Wojciech Smarzowski (born 18 January 1963 in Korczyna near Krosno) is a Polish screenwriter and director.

== Education and Career ==
He studied filmmaking at the Jagiellonian University and the National Film School in Łódź (1990). His 2004 film, The Wedding (not to be confused with the Andrzej Wajda film of the same title) earned special jury mention at the Karlovy Vary International Film Festival in 2005. He began his film career as a video camera operator.

Smarzowski’s film Róża gained the Polish Film Award in seven categories in 2011. His film Traffic Department (2013) tells the story of seven policemen from Warsaw - colleagues and good friends whose lives change after one of them dies in mysterious circumstances.
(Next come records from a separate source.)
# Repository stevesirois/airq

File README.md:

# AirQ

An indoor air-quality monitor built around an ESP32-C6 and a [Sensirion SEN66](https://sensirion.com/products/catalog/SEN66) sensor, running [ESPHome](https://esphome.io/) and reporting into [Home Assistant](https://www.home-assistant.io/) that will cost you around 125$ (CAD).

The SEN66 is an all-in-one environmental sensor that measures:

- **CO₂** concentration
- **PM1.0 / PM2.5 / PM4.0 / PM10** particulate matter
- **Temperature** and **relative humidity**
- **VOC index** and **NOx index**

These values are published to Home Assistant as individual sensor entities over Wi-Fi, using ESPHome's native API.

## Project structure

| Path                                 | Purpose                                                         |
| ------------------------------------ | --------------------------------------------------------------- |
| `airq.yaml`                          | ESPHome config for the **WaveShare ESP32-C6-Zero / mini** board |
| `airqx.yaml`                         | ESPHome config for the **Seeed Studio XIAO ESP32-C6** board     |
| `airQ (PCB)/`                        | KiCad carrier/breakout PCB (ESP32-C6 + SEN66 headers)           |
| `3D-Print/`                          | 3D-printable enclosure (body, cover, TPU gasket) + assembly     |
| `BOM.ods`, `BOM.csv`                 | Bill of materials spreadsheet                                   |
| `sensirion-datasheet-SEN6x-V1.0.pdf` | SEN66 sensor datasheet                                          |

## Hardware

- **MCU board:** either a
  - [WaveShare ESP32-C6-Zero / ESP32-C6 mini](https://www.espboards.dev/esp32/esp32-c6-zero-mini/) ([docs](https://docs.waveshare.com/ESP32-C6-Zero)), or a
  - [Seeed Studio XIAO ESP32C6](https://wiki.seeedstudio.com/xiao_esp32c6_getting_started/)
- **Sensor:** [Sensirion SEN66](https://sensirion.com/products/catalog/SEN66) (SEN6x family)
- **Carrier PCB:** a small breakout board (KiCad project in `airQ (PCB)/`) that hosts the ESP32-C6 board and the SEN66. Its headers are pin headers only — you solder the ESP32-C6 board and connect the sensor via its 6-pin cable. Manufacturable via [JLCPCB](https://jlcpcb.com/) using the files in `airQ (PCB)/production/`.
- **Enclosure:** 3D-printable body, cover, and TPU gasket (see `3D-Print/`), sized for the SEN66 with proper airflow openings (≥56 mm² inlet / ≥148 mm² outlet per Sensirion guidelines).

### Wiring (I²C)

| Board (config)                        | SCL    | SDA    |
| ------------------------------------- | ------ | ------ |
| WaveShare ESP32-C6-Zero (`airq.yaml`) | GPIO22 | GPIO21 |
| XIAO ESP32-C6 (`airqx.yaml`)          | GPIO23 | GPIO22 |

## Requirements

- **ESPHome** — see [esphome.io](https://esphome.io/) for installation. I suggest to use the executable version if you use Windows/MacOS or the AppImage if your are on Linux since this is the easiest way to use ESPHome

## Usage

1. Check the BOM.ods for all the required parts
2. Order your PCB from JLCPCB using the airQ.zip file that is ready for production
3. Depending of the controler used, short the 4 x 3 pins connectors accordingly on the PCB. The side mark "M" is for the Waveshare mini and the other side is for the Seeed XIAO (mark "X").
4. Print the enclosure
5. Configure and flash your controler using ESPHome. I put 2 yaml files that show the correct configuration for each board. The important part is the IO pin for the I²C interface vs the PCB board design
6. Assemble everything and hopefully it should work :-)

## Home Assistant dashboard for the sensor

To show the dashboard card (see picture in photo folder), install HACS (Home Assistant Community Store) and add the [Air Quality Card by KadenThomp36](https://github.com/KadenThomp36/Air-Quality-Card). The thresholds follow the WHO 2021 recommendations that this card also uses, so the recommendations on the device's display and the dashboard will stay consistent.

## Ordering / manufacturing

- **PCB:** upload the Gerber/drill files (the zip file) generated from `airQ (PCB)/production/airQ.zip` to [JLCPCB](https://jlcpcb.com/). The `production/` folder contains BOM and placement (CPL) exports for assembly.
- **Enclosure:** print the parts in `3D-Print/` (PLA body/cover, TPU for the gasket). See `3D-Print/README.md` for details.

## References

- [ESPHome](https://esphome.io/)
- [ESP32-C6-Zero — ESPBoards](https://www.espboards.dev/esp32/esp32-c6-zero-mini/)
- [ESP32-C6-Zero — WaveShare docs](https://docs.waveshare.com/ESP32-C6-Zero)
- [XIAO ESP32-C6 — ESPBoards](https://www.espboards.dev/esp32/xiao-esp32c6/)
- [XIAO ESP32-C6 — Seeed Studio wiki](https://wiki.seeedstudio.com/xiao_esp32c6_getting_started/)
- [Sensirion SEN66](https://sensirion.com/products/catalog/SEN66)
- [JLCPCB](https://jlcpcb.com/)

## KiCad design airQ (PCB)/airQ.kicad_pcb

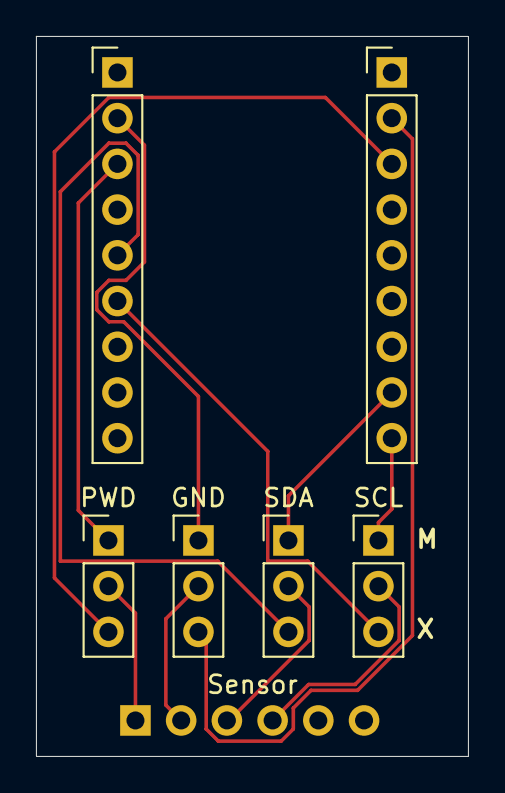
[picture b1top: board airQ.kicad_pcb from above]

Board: 2 copper layers, 24.0 x 40.0 mm, 7 parts (1 on the bottom side), 12 nets.

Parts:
GND: Conn_01x03_Pin; PinHeader_1x03_P2.54mm_Vertical
LeftRow1: Conn_01x09_Pin; PinHeader_1x09_P2.54mm_Vertical
PWD: Conn_01x03_Pin; PinHeader_1x03_P2.54mm_Vertical
RightRow1: Conn_01x09_Pin; PinHeader_1x09_P2.54mm_Vertical
SCL: Conn_01x03_Pin; PinHeader_1x03_P2.54mm_Vertical
SDA: Conn_01x03_Pin; PinHeader_1x03_P2.54mm_Vertical
Sensor: Conn_01x06_Pin; PinHeader_1x06_P2.54mm_Vertical

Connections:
unnamed: GND.1, LeftRow1.2
unnamed: GND.2, Sensor.2
unnamed: GND.3, RightRow1.2
unnamed: LeftRow1.3, PWD.1
unnamed: LeftRow1.5, SDA.3
unnamed: LeftRow1.6, SCL.3
unnamed: PWD.2, Sensor.1
unnamed: PWD.3, RightRow1.3
unnamed: RightRow1.8, SDA.1
unnamed: RightRow1.9, SCL.1
unnamed: SCL.2, Sensor.4
unnamed: SDA.2, Sensor.3

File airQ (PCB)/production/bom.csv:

Designator,Footprint,Quantity,Value,LCSC Part #
"GND, PWD, SCL, SDA",PinHeader_1x03_P2.54mm_Vertical,4,Conn_01x03_Pin,
"LEFTROW1, RIGHTROW1",PinHeader_1x09_P2.54mm_Vertical,2,Conn_01x09_Pin,
SENSOR,PinHeader_1x06_P2.54mm_Vertical,1,Conn_01x06_Pin,

It competed in the main competition section of the 35th Moscow International Film Festival.

Kler (2018) was described by Anne Applebaum in The Washington Post as "a searing, painful film that condemns the Polish Catholic Church as corrupt and hypocritical". In its first weekend after opening, it broke box-office records in Poland and, after three weeks had been seen by 31/2 million people, about 10% of Poland's population.

== Filmography ==

=== Feature films ===

==== Director and screenwriter ====
- Sezon na leszcza, 2000 - screenwriter only
- The Wedding (Wesele), 2004
- The Dark House (Dom zły), 2009
- Rose (Róża), 2011 - director only
- Traffic Department (Drogówka), 2013
- The Mighty Angel (Pod Mocnym Aniołem), 2014
- Volhynia (Wołyń), 2016
- Clergy (Kler), 2018
- The Wedding (Wesele), 2021
- Home Sweet Home (Dom dobry) (2025)

=== Television ===

==== Director ====
- Małżowina, 1998 - TV movie
- Kuracja, 2001 - Teleplay
- Na Wspólnej, 2003-2008 - TV series (125 episodes)
- Klucz, 2004 - Teleplay
- Cztery kawałki tortu, 2006 - Teleplay
- BrzydUla, 2008-2009 - TV series (25 episodes)
- The Londoners - TV series (8 episodes)
- Bez tajemnic, 2013 - TV series (7 episodes)

== Orders and decorations ==

- Knight's Cross of the Order of Polonia Restituta (decreed by Polish President Bronislaw Komorowski on May 16, 2014 for outstanding contributions to Polish culture, for achievements in creative work and artistic activity; decorated May 26, 2014).
- Silver Medal for "Meritorious Service to Culture Gloria Artis" (2014).